VENDOR’S CLOSING DOCUMENTS

10.1
The Vendor agrees to execute or cause to be executed, where appropriate, and at its expense, and delivered, the following to the Purchaser, unless otherwise provided, on or before the Closing Date or such earlier date as specified below:







(a)
a registrable transfer of the Armstrong Lands, including completion of the compliance statements pursuant to Section 50 of the Planning Act (Ontario) by the Vendor’s Solicitors;

(b)
a registrable transfer of the Todd Lands, including completion of the compliance statements pursuant to Section 50 of the Planning Act (Ontario) by the Vendor’s Solicitors;

(c)
a statutory declaration from a senior officer of the Vendor stating that the Vendor is not a non-resident of Canada pursuant to Section 116 of the Income Tax Act (Canada);

(d)
a statement of adjustments (the first draft of which is to be delivered to the Purchaser at least seven business days before Closing);

(e)
an executed copy of each of the Leases;

(f)
original, fully completed, signed Tenant Estoppels;

(g)
an assignment by the Vendor and assumption by the Purchaser of the Warranties (the “Assignment of Warranties”);

(h)
an undertaking to pay all metered utilities and realty taxes to Closing and to readjust all items on or omitted from the statement of adjustments, which undertaking will include an undertaking to execute and deliver any documents reasonably requested in relation to the Transaction which were inadvertently not requested prior to and/or delivered at Closing;

(i)
a certified copy of a resolution of the directors and shareholders of the Vendor authorizing the Transaction;

(j)
an officer’s certificate and certificate of incumbency for the Vendor;

(k)
a declaration of possession setting forth the Vendor's history of occupation of the Lands;

(l)
such statutory declarations or certificates relating to the Lands and/or Building as are reasonably required by the Purchaser’s title insurer to issue a title insurance policy relating to the Lands and Building;

(m)
discharges and/or releases of all agreements, documents, encumbrances, leases, mortgages and security interests affecting the Purchased Assets other than Permitted Encumbrances and those the Purchaser has agreed in writing to assume;

(n)
a bringdown certificate from a senior officer of the Vendor stating that the Vendor’s representations and warranties contained in this Agreement are materially true, complete and effective as at the Closing Date;

(o)
an undertaking to forthwith reimburse the Purchaser for all payments made by the Purchaser on or after Closing on account of any expenses with respect to the Lands and Buildings that relate to the period prior to Closing;

(p)
the holdback direction and Escrow Agreement provided for in Section 6.7; and,

(q)
all other documents which are required and which the Purchaser has reasonably requested on or before the Closing Date to give effect to the Transaction.

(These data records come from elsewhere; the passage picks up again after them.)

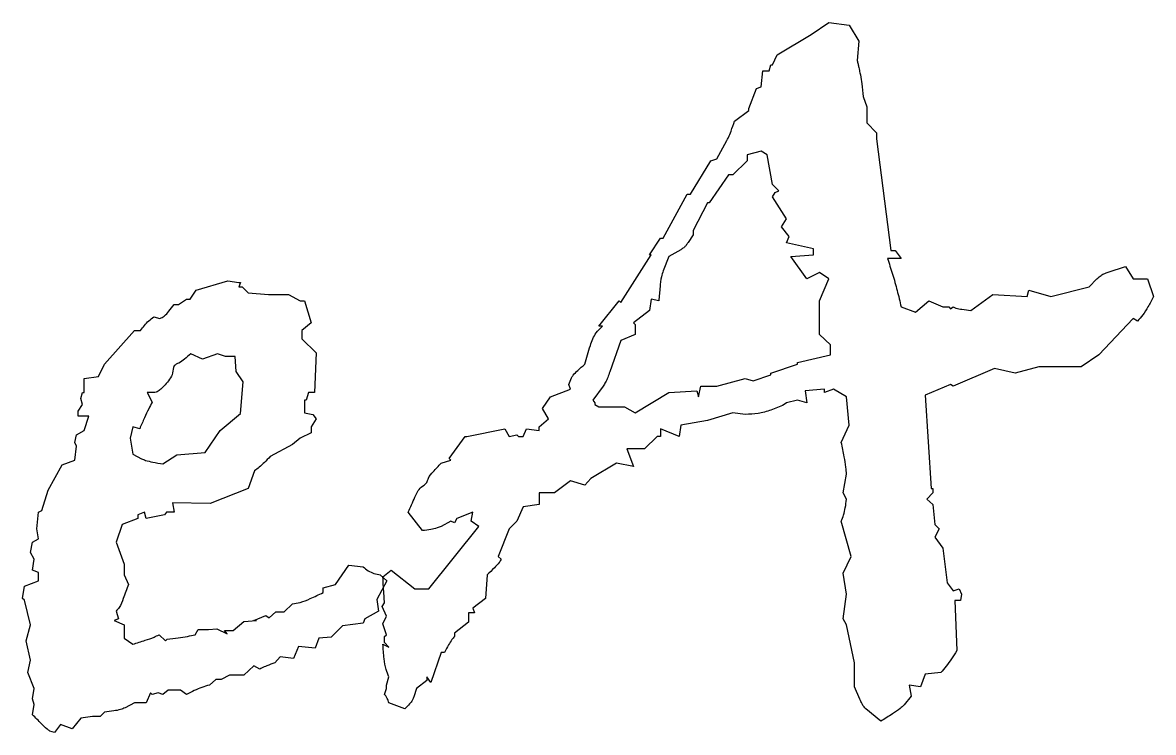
# Model space of a CAD drawing. Extents: x 0 to 12.3, y 0 to 7.
# Drawn here: x 6.25 to 12.31, y 0 to 3.81 of the extents above; entities that cross this region are included whole.
import ezdxf

# ---------------------------------------------------------------- set-up
doc = ezdxf.new("R2010")
doc.units = 0
doc.layers.get('0').update_dxf_attribs({"linetype": 'CONTINUOUS'})

msp = doc.modelspace()

# ---------------------------------------------------------------- linework, layer by layer
at = {"color": 7}
for points in [[(10.06425, 3.281221), (10.14045, 3.338949), (10.14045, 3.348185), (10.182014, 3.456712), (10.207414, 3.465949), (10.216651, 3.551385), (10.248978, 3.551385), (10.258215, 3.583713), (10.267451, 3.583713), (10.292851, 3.636822), (10.47527, 3.745349), (10.569943, 3.81)], [(10.569943, 3.81), (10.67847, 3.796147), (10.731579, 3.71071), (10.722342, 3.606801)], [(10.754672, 3.412838), (10.773145, 3.357419), (10.773145, 3.271983), (10.826254, 3.218874), (10.826254, 3.186547), (10.902454, 2.586183), (10.925544, 2.586183), (10.957871, 2.544619), (10.88398, 2.544619)], [(9.355361, 2.179785), (9.336887, 2.179785), (9.445415, 2.316021), (9.454651, 2.306785), (9.616288, 2.563094), (9.607051, 2.563094), (9.667087, 2.653148), (9.680941, 2.653148), (9.81025, 2.888676), (9.828723, 2.888676), (9.93725, 3.068785), (9.969578, 3.078021), (10.022687, 3.177312)], [(9.35998, 1.858819), (9.304562, 1.782619), (9.313798, 1.768765), (9.313798, 1.759528), (9.336889, 1.747982), (9.473125, 1.747982), (9.530852, 1.715655), (9.710961, 1.824182), (9.861052, 1.833419), (9.870289, 1.801091), (9.884143, 1.858819), (9.969579, 1.858819), (10.121979, 1.900382), (10.163543, 1.886529), (10.258215, 1.918856), (10.258215, 1.928093), (10.401379, 1.976584), (10.401379, 1.98582), (10.579179, 2.027384), (10.579179, 2.080493), (10.519143, 2.135911), (10.519143, 2.31602), (10.569943, 2.433784), (10.519143, 2.46842), (10.452179, 2.433784), (10.366743, 2.553856), (10.486815, 2.563093), (10.486815, 2.59542), (10.343652, 2.627748), (10.357505, 2.662384), (10.315941, 2.713184), (10.34365, 2.757057), (10.26745, 2.87482), (10.281304, 2.897911), (10.302084, 2.907147), (10.267448, 2.941784), (10.239739, 3.101111), (10.207415, 3.119582)], [(10.207415, 3.119582), (10.131215, 3.101109), (10.131215, 3.068781), (10.055015, 2.992581), (10.031925, 2.992581), (9.928016, 2.84249), (9.918779, 2.84249), (9.842579, 2.694709), (9.842579, 2.671619), (9.81487, 2.630055)], [(9.775616, 2.5908), (9.710961, 2.553855), (9.680943, 2.477655)], [(12.068544, 2.470727), (12.160907, 2.500745), (12.202471, 2.433781), (12.278671, 2.433781), (12.310998, 2.339109)], [(11.331943, 2.265219), (11.449707, 2.350655), (11.634434, 2.339109), (11.643671, 2.373745), (11.761435, 2.339109), (11.966944, 2.392218), (12.008507, 2.433781)], [(7.057815, 2.297559), (7.080906, 2.297559), (7.124779, 2.325268), (7.143252, 2.325268), (7.175579, 2.373759), (7.346452, 2.424546)], [(7.346452, 2.424546), (7.404179, 2.415309), (7.413415, 2.415309), (7.404179, 2.392219), (7.422652, 2.392219), (7.454979, 2.359892), (7.563507, 2.350655), (7.672034, 2.350655), (7.734379, 2.316019), (7.75747, 2.316019), (7.792106, 2.198255), (7.743615, 2.156691), (7.743615, 2.112819), (7.819815, 2.036619), (7.810579, 1.824182), (7.778251, 1.824182), (7.766705, 1.782619), (7.757468, 1.782619), (7.757468, 1.715655), (7.801341, 1.706418), (7.819814, 1.683328), (7.792105, 1.639455), (7.792105, 1.607128), (7.734378, 1.579419), (7.692814, 1.544783), (7.572742, 1.480128)], [(9.657853, 2.316019), (9.616289, 2.325255), (9.607053, 2.265219), (9.521616, 2.198255), (9.530853, 2.189019), (9.530853, 2.13591), (9.454653, 2.103582), (9.394617, 1.935019)], [(10.957871, 2.283692), (11.034071, 2.255983), (11.105653, 2.316019), (11.181853, 2.283692), (11.21418, 2.283692), (11.223417, 2.274455), (11.237271, 2.283692)], [(6.949288, 2.230596), (6.981615, 2.221359)], [(12.225562, 2.20749), (12.202472, 2.221344), (12.017744, 2.02738), (11.923072, 1.962726), (11.696781, 1.962726), (11.569781, 1.928089), (11.458944, 1.953489), (11.237272, 1.858817), (11.223418, 1.868053), (11.087182, 1.810326), (11.119509, 1.309253), (11.128746, 1.309253), (11.128746, 1.286163), (11.096418, 1.251527), (11.128746, 1.223818), (11.137982, 1.11529), (11.161072, 1.0922), (11.137982, 1.048328), (11.181855, 0.988291), (11.204945, 0.803564), (11.237272, 0.759691), (11.2696, 0.771238), (11.281146, 0.74122), (11.276529, 0.708892), (11.246506, 0.708892), (11.255743, 0.438729)], [(6.298125, 0.094686), (6.307362, 0.150104), (6.298125, 0.180123), (6.307362, 0.235541), (6.272725, 0.320977), (6.286579, 0.387941), (6.263489, 0.49185), (6.286579, 0.577286), (6.254252, 0.708904), (6.245015, 0.718141), (6.254252, 0.785105), (6.330452, 0.812814), (6.330452, 0.858996), (6.298124, 0.870542), (6.307361, 0.930578), (6.286578, 0.965215), (6.298124, 1.020633), (6.330452, 1.039106), (6.321215, 1.092215), (6.330452, 1.18227), (6.348925, 1.191507), (6.381252, 1.300034), (6.457452, 1.43627), (6.524416, 1.46167), (6.533652, 1.535561), (6.524416, 1.556342), (6.533652, 1.597905), (6.575216, 1.620995), (6.600616, 1.697195), (6.542889, 1.697195), (6.542889, 1.724904), (6.565979, 1.759541), (6.556742, 1.791868), (6.565979, 1.824195), (6.575215, 1.824195), (6.575215, 1.900395), (6.651415, 1.909632), (6.683743, 1.976596), (6.845379, 2.156705), (6.877706, 2.156705)], [(6.997779, 1.440873), (7.07167, 1.489364), (7.22407, 1.503218), (7.304888, 1.620981), (7.413415, 1.711036), (7.427269, 1.881908), (7.390323, 1.937327), (7.385706, 2.018145), (7.332597, 2.018145), (7.291033, 2.032)], [(7.291033, 2.032), (7.210215, 2.004291), (7.14787, 2.032)], [(8.489453, 1.445494), (8.542562, 1.461657), (8.533325, 1.470894), (8.618762, 1.588657), (8.627998, 1.588657), (8.831198, 1.630221), (8.854288, 1.588657), (8.895852, 1.597894), (8.905089, 1.588657), (8.930489, 1.588657), (8.948962, 1.630221), (9.015926, 1.620984), (9.015926, 1.639458), (9.066726, 1.68333), (9.034398, 1.738749), (9.075962, 1.801094), (9.184489, 1.842658), (9.175253, 1.868058), (9.189106, 1.902694)], [(6.953906, 1.824182), (6.912343, 1.824182), (6.940052, 1.773382)], [(10.636906, 1.556329), (10.67847, 1.648692), (10.664616, 1.801092), (10.595344, 1.842656), (10.546853, 1.824183), (10.546853, 1.842656), (10.442944, 1.833419), (10.45218, 1.768765), (10.40138, 1.782618), (10.343653, 1.768765), (10.329799, 1.759528)], [(10.121981, 1.706419), (10.055018, 1.715656), (9.918781, 1.674092), (9.775618, 1.648692), (9.766381, 1.588656), (9.66709, 1.630219), (9.66709, 1.588656), (9.648617, 1.588656), (9.581653, 1.521692), (9.48698, 1.521692), (9.521617, 1.427019), (9.431562, 1.445493), (9.293017, 1.362365), (9.260689, 1.327729), (9.184489, 1.350819), (9.099053, 1.286164), (9.015926, 1.286164), (9.015926, 1.223819), (8.930489, 1.209966), (8.895853, 1.133766), (8.854289, 1.092202), (8.796562, 0.94442), (8.812726, 0.930567)], [(6.873088, 1.630218), (6.836143, 1.639455), (6.822289, 1.579419), (6.836143, 1.493982), (6.882324, 1.468582)], [(7.489614, 1.403928), (7.454978, 1.309255), (7.251778, 1.228437), (7.048578, 1.233057), (7.057815, 1.182257), (7.016251, 1.182257), (7.007014, 1.168403), (6.907723, 1.147623), (6.898487, 1.182259), (6.86385, 1.168406), (6.86385, 1.147625), (6.778414, 1.115298), (6.746087, 1.020625), (6.789959, 0.902862), (6.789959, 0.845134), (6.81305, 0.794334)], [(10.664615, 1.251529), (10.646142, 1.286165), (10.664615, 1.385456)], [(8.177725, 0.835892), (8.221597, 0.870528), (8.348597, 0.771237), (8.424797, 0.771237), (8.692652, 1.106055), (8.651088, 1.133764), (8.660325, 1.182255), (8.574889, 1.147619), (8.561035, 1.124529), (8.542562, 1.133766), (8.489453, 1.106056)], [(8.390162, 1.082966), (8.313962, 1.182257)], [(10.736197, 0.177801), (10.708488, 0.244765), (10.708488, 0.374074), (10.664616, 0.577274), (10.646143, 0.609601), (10.664616, 0.74122), (10.646143, 0.854365), (10.690015, 0.94442), (10.636906, 1.133765)], [(7.856761, 0.750463), (7.856761, 0.775863), (7.923724, 0.794336), (7.995306, 0.898245), (8.071506, 0.889009)], [(8.16387, 0.845136), (8.198506, 0.812809), (8.145397, 0.713518), (8.154634, 0.651172), (8.080743, 0.609609), (8.071506, 0.586519), (7.96067, 0.572665), (7.900633, 0.51032), (7.83367, 0.505703), (7.815197, 0.452594), (7.725142, 0.46183), (7.697433, 0.397176), (7.625851, 0.406412), (7.598142, 0.374085)], [(8.736526, 0.84513), (8.727289, 0.71813), (8.660325, 0.66733), (8.669562, 0.64193), (8.637235, 0.64193), (8.637235, 0.59113), (8.561035, 0.533403), (8.561035, 0.51493)], [(7.170959, 0.524171), (7.187122, 0.55188), (7.24254, 0.55188), (7.286413, 0.556499), (7.341831, 0.52879), (7.327978, 0.547263), (7.374159, 0.547263), (7.431887, 0.595754), (7.49885, 0.600371), (7.484997, 0.600371), (7.549651, 0.62808), (7.568124, 0.614227), (7.602761, 0.646554), (7.648943, 0.646554), (7.692815, 0.690427)], [(8.177724, 0.473364), (8.210052, 0.457201), (8.186961, 0.482601), (8.186961, 0.514927), (8.196198, 0.524164), (8.177725, 0.581891), (8.196198, 0.623455), (8.173108, 0.676564), (8.186961, 0.695037)], [(6.746086, 0.651171), (6.75994, 0.609607), (6.736849, 0.60037), (6.789958, 0.57728), (6.789958, 0.505698), (6.83614, 0.473371)], [(6.976995, 0.524171), (7.011631, 0.491844), (7.020868, 0.50108)], [(8.507926, 0.429493), (8.489452, 0.429493), (8.434034, 0.267857), (8.413254, 0.297875), (8.413254, 0.279402), (8.357835, 0.235529), (8.343982, 0.191656)], [(7.517324, 0.339449), (7.484997, 0.357922), (7.431888, 0.307122), (7.355688, 0.307122), (7.309506, 0.284032), (7.281797, 0.284032), (7.24716, 0.254013)], [(11.170306, 0.320965), (11.087179, 0.311728), (11.061779, 0.244765), (11.001743, 0.254001), (11.010979, 0.193965), (10.974034, 0.147783)], [(8.186961, 0.2032), (8.196198, 0.235527), (8.196198, 0.254001), (8.210052, 0.297873)], [(7.124779, 0.203213), (7.092451, 0.226303), (7.025488, 0.226303), (6.997779, 0.203213), (6.972379, 0.21245), (6.940051, 0.203213), (6.930815, 0.21245), (6.907724, 0.159341), (6.845379, 0.159341), (6.794579, 0.131632)], [(8.295491, 0.127002), (8.210052, 0.159327)], [(10.849343, 0.060038), (10.768525, 0.127001)], [(6.683743, 0.108542), (6.660652, 0.085451), (6.619089, 0.085451), (6.556743, 0.076215), (6.510561, 0.018487), (6.448216, 0.041578), (6.415889, 0.000014), (6.390489, 0.006941)]]:
    msp.add_lwpolyline(points, dxfattribs=at)
for points, knots in [([(10.722342, 3.606801), (10.723804, 3.600389), (10.726609, 3.588089), (10.730504, 3.570394), (10.734384, 3.550746), (10.741305, 3.521729), (10.747106, 3.474528), (10.751851, 3.435835), (10.754672, 3.412838)], [0, 0, 0, 0, 0.019731, 0.037847, 0.054352, 0.079816, 0.127275, 0.196808, 0.196808, 0.196808, 0.196808]), ([(10.022687, 3.177312), (10.025707, 3.182475), (10.035014, 3.198386), (10.047421, 3.233823), (10.057913, 3.263374), (10.06425, 3.281221)], [0, 0, 0, 0, 0.017918, 0.055222, 0.112106, 0.112106, 0.112106, 0.112106]), ([(9.81487, 2.630055), (9.811565, 2.624693), (9.805016, 2.614069), (9.791602, 2.600655), (9.780978, 2.594106), (9.775616, 2.5908)], [0, 0, 0, 0, 0.018857, 0.037362, 0.056219, 0.056219, 0.056219, 0.056219]), ([(10.88398, 2.544619), (10.893432, 2.516209), (10.912397, 2.459205), (10.937029, 2.372142), (10.950906, 2.313252), (10.957871, 2.283692)], [0, 0, 0, 0, 0.089817, 0.180213, 0.271314, 0.271314, 0.271314, 0.271314]), ([(9.680943, 2.477655), (9.67779, 2.466932), (9.669512, 2.438779), (9.663547, 2.384347), (9.659947, 2.341151), (9.657853, 2.316019)], [0, 0, 0, 0, 0.033483, 0.087909, 0.163634, 0.163634, 0.163634, 0.163634]), ([(12.008507, 2.433781), (12.013965, 2.439136), (12.025027, 2.44999), (12.045553, 2.46243), (12.060736, 2.467909), (12.068544, 2.470727)], [0, 0, 0, 0, 0.022884, 0.046382, 0.071252, 0.071252, 0.071252, 0.071252]), ([(12.310998, 2.339109), (12.301622, 2.320749), (12.284317, 2.286866), (12.256394, 2.242148), (12.235175, 2.218297), (12.225562, 2.20749)], [0, 0, 0, 0, 0.061863, 0.114168, 0.157498, 0.157498, 0.157498, 0.157498]), ([(6.981615, 2.221359), (6.989486, 2.22554), (7.007994, 2.23537), (7.032786, 2.26272), (7.048786, 2.28499), (7.057815, 2.297559)], [0, 0, 0, 0, 0.026577, 0.062498, 0.109038, 0.109038, 0.109038, 0.109038]), ([(11.237271, 2.283692), (11.242091, 2.281468), (11.25668, 2.274736), (11.289117, 2.270678), (11.31583, 2.267273), (11.331943, 2.265219)], [0, 0, 0, 0, 0.015868, 0.048021, 0.096901, 0.096901, 0.096901, 0.096901]), ([(6.877706, 2.156705), (6.884209, 2.166136), (6.897209, 2.184988), (6.921394, 2.209902), (6.939936, 2.223657), (6.949288, 2.230596)], [0, 0, 0, 0, 0.034331, 0.068624, 0.103525, 0.103525, 0.103525, 0.103525]), ([(9.260688, 1.976585), (9.270089, 2.010074), (9.286184, 2.067405), (9.313326, 2.140477), (9.343532, 2.168724), (9.355361, 2.179785)], [0, 0, 0, 0, 0.104958, 0.179682, 0.227775, 0.227775, 0.227775, 0.227775]), ([(7.14787, 2.032), (7.136203, 2.022806), (7.114818, 2.005952), (7.087283, 1.982361), (7.04941, 1.969821), (7.05345, 1.927757), (7.033777, 1.894862), (7.011034, 1.866386), (6.988374, 1.844929), (6.970526, 1.828892), (6.958477, 1.825477), (6.953906, 1.824182)], [0, 0, 0, 0, 0.044356, 0.081309, 0.11101, 0.149914, 0.18744, 0.225586, 0.258607, 0.281697, 0.295816, 0.295816, 0.295816, 0.295816]), ([(9.189106, 1.902694), (9.19228, 1.907951), (9.201383, 1.923027), (9.227051, 1.946528), (9.248121, 1.965355), (9.260688, 1.976585)], [0, 0, 0, 0, 0.01836, 0.052652, 0.103342, 0.103342, 0.103342, 0.103342]), ([(9.394617, 1.935019), (9.391076, 1.924964), (9.384448, 1.906137), (9.373137, 1.880475), (9.364142, 1.865669), (9.35998, 1.858819)], [0, 0, 0, 0, 0.031981, 0.059882, 0.083909, 0.083909, 0.083909, 0.083909]), ([(6.940052, 1.773382), (6.933717, 1.761283), (6.919236, 1.733625), (6.897208, 1.685729), (6.881649, 1.649921), (6.873088, 1.630218)], [0, 0, 0, 0, 0.040965, 0.093648, 0.158097, 0.158097, 0.158097, 0.158097]), ([(10.329799, 1.759528), (10.306644, 1.749007), (10.261774, 1.728619), (10.191515, 1.710092), (10.144826, 1.707626), (10.121981, 1.706419)], [0, 0, 0, 0, 0.07624, 0.147739, 0.21624, 0.21624, 0.21624, 0.21624]), ([(10.664615, 1.385456), (10.663774, 1.397964), (10.661643, 1.429673), (10.651264, 1.486587), (10.642146, 1.530874), (10.636906, 1.556329)], [0, 0, 0, 0, 0.037585, 0.095286, 0.173277, 0.173277, 0.173277, 0.173277]), ([(6.882324, 1.468582), (6.889627, 1.465681), (6.909208, 1.457902), (6.948214, 1.449926), (6.979479, 1.444215), (6.997779, 1.440873)], [0, 0, 0, 0, 0.023542, 0.06312, 0.118976, 0.118976, 0.118976, 0.118976]), ([(7.572742, 1.480128), (7.562568, 1.469693), (7.543648, 1.450288), (7.516097, 1.424594), (7.497915, 1.410405), (7.489614, 1.403928)], [0, 0, 0, 0, 0.043722, 0.081312, 0.112886, 0.112886, 0.112886, 0.112886]), ([(8.313962, 1.182257), (8.32586, 1.208721), (8.346231, 1.254031), (8.37191, 1.314798), (8.414896, 1.334292), (8.421254, 1.371824), (8.452105, 1.403987), (8.475536, 1.430027), (8.489453, 1.445494)], [0, 0, 0, 0, 0.087868, 0.150446, 0.190491, 0.214845, 0.257796, 0.320634, 0.320634, 0.320634, 0.320634]), ([(10.636906, 1.133765), (10.641304, 1.144529), (10.650793, 1.167755), (10.659516, 1.207494), (10.662839, 1.236187), (10.664615, 1.251529)], [0, 0, 0, 0, 0.034833, 0.07516, 0.121496, 0.121496, 0.121496, 0.121496]), ([(8.489453, 1.106056), (8.48243, 1.102925), (8.465036, 1.095169), (8.431307, 1.088645), (8.405131, 1.085032), (8.390162, 1.082966)], [0, 0, 0, 0, 0.023012, 0.056992, 0.102384, 0.102384, 0.102384, 0.102384]), ([(8.812726, 0.930567), (8.809064, 0.924187), (8.799053, 0.906743), (8.771903, 0.879252), (8.749646, 0.857785), (8.736526, 0.84513)], [0, 0, 0, 0, 0.022002, 0.060162, 0.114956, 0.114956, 0.114956, 0.114956]), ([(8.071506, 0.889009), (8.080451, 0.8815), (8.098119, 0.866668), (8.129832, 0.851587), (8.152447, 0.847301), (8.16387, 0.845136)], [0, 0, 0, 0, 0.034947, 0.069031, 0.103819, 0.103819, 0.103819, 0.103819]), ([(6.81305, 0.794334), (6.803731, 0.769015), (6.788381, 0.727311), (6.77011, 0.676138), (6.751967, 0.657283), (6.746086, 0.651171)], [0, 0, 0, 0, 0.081411, 0.134094, 0.159364, 0.159364, 0.159364, 0.159364]), ([(8.186961, 0.695037), (8.185897, 0.707777), (8.183527, 0.736147), (8.18055, 0.78311), (8.178718, 0.817332), (8.177725, 0.835892)], [0, 0, 0, 0, 0.038352, 0.085404, 0.141164, 0.141164, 0.141164, 0.141164]), ([(7.692815, 0.690427), (7.706525, 0.692559), (7.739452, 0.697681), (7.794012, 0.719856), (7.834094, 0.739407), (7.856761, 0.750463)], [0, 0, 0, 0, 0.041513, 0.099711, 0.17546, 0.17546, 0.17546, 0.17546]), ([(6.83614, 0.473371), (6.858473, 0.480302), (6.896685, 0.492162), (6.94427, 0.507863), (6.968085, 0.519731), (6.976995, 0.524171)], [0, 0, 0, 0, 0.070191, 0.120102, 0.14994, 0.14994, 0.14994, 0.14994]), ([(7.020868, 0.50108), (7.040467, 0.503166), (7.076843, 0.507037), (7.127007, 0.514372), (7.15722, 0.521108), (7.170959, 0.524171)], [0, 0, 0, 0, 0.059131, 0.10975, 0.151968, 0.151968, 0.151968, 0.151968]), ([(8.561035, 0.51493), (8.556556, 0.509454), (8.544991, 0.495318), (8.528019, 0.466205), (8.515291, 0.44295), (8.507926, 0.429493)], [0, 0, 0, 0, 0.021197, 0.05473, 0.100782, 0.100782, 0.100782, 0.100782]), ([(8.210052, 0.297873), (8.204618, 0.310731), (8.19144, 0.34191), (8.18289, 0.401645), (8.179596, 0.447378), (8.177724, 0.473364)], [0, 0, 0, 0, 0.041741, 0.101222, 0.179503, 0.179503, 0.179503, 0.179503]), ([(11.255743, 0.438729), (11.246591, 0.423995), (11.228909, 0.395528), (11.200518, 0.356042), (11.180135, 0.332377), (11.170306, 0.320965)], [0, 0, 0, 0, 0.052028, 0.100525, 0.145694, 0.145694, 0.145694, 0.145694]), ([(7.598142, 0.374085), (7.583563, 0.368294), (7.559917, 0.358901), (7.532262, 0.348635), (7.520627, 0.34148), (7.517324, 0.339449)], [0, 0, 0, 0, 0.04712, 0.076429, 0.088046, 0.088046, 0.088046, 0.088046]), ([(7.24716, 0.254013), (7.233655, 0.249968), (7.206039, 0.241695), (7.165124, 0.224544), (7.138442, 0.210437), (7.124779, 0.203213)], [0, 0, 0, 0, 0.042274, 0.086443, 0.132799, 0.132799, 0.132799, 0.132799]), ([(8.210052, 0.159327), (8.207219, 0.166754), (8.202433, 0.179301), (8.195715, 0.194977), (8.189315, 0.200989), (8.186961, 0.2032)], [0, 0, 0, 0, 0.023965, 0.040491, 0.050108, 0.050108, 0.050108, 0.050108]), ([(8.343982, 0.191656), (8.341763, 0.185699), (8.336391, 0.171278), (8.318687, 0.150082), (8.303915, 0.135384), (8.295491, 0.127002)], [0, 0, 0, 0, 0.018966, 0.045906, 0.08165, 0.08165, 0.08165, 0.08165]), ([(6.794579, 0.131632), (6.78678, 0.128496), (6.767284, 0.120658), (6.729738, 0.114222), (6.700505, 0.110612), (6.683743, 0.108542)], [0, 0, 0, 0, 0.025164, 0.062903, 0.11363, 0.11363, 0.11363, 0.11363]), ([(10.768525, 0.127001), (10.765126, 0.130126), (10.756779, 0.137801), (10.746655, 0.155608), (10.740003, 0.169724), (10.736197, 0.177801)], [0, 0, 0, 0, 0.013788, 0.033859, 0.060709, 0.060709, 0.060709, 0.060709]), ([(10.974034, 0.147783), (10.967148, 0.141298), (10.947913, 0.123181), (10.905063, 0.0953), (10.870052, 0.073143), (10.849343, 0.060038)], [0, 0, 0, 0, 0.028339, 0.079162, 0.152757, 0.152757, 0.152757, 0.152757]), ([(6.390489, 0.006941), (6.385632, 0.010451), (6.369289, 0.022262), (6.339641, 0.052981), (6.313895, 0.078844), (6.298125, 0.094686)], [0, 0, 0, 0, 0.017958, 0.060424, 0.127552, 0.127552, 0.127552, 0.127552])]:
    msp.add_open_spline(points, degree=3, knots=knots, dxfattribs=at)

doc.saveas('drawing.dxf')

Where applicable, drafts of the items referred to above will be prepared by the Purchaser’s Solicitors and delivered to the Vendor’s Solicitors. All documentation will be in form and substance acceptable to the Purchaser and the Vendor each acting reasonably and in good faith.

Within one day of Closing, the Vendor shall deliver all keys to the Buildings and a list all applicable passwords for the Buildings to the Purchaser’s office in Guelph, ON, attention the Purchaser's Solicitors, the address for which is set forth in Section 14.5.







Article 11

PURCHASER’S CLOSING DOCUMENTS

11.1
The Purchaser agrees to execute or cause to be executed, where appropriate and at its expense, and delivered, the following to the Vendor on or before the Closing Date:

(a)
The Balance Due on Closing;

(b)
an undertaking to readjust all items on or omitted from the statement of adjustments, which undertaking will include an undertaking to execute and deliver all documents that were to have been delivered on Closing by the Purchaser that were through inadvertence not delivered on Closing;

(c)
an executed copy of each of the Leases;
 
(d)
the Assignment of Warranties;

(e)
the HST Undertaking and Indemnity; and

(f)
all other documents which are required or desirable and which the Vendor has reasonably requested on or before the Closing Date to give effect to the Transaction.



Article 12

ASSIGNMENT

12.1
The Purchaser has the right to assign this Agreement. Upon assignment, the assignee will be entitled to the benefits and be subject to the liabilities of the Purchaser under this Agreement and the Purchaser will cease to be entitled to such benefits and will cease to be subject to such liabilities. The Purchaser or the assignee will be permitted to direct that title to the Lands be placed in the name of the Purchaser, the assignee and/or one or more other entities.

Article 13

CONTRACTS

13.1
The parties acknowledge and agree that on Closing, no Contracts will be assigned by the Vendor and assumed by the Purchaser. The Vendor hereby agrees that all Contracts will either be terminated by Vendor on or before Closing or the Vendor will continue to be responsible under the Contracts following Closing.

Article 14

GENERAL

14.1
This Agreement will be effective to create an interest in the Lands only if the subdivision control provisions of the Planning Act (Ontario) are complied with on or before completion. The Vendor hereby covenants to proceed diligently at its expense to obtain any necessary consent on or before the Closing Date.

14.2
The interest of the Vendor in the Lands and Buildings will be at the risk of the Vendor until Closing. If any loss or damage occurs before Closing to the Buildings, the Vendor will forthwith notify the Purchaser in writing of the loss or damage and the extent thereof, as well as details regarding insurance proceeds payable with respect thereto, if any. The parties will determine what steps to take in connection therewith, provided that if the parties are unable to agree within ten days of the occurrence of the damage, this Agreement will, at the Purchaser’s option, be at an end and of no further force or effect, the Deposit together with interest will be returned to the Purchaser forthwith, and the parties will be released from all further obligations hereunder.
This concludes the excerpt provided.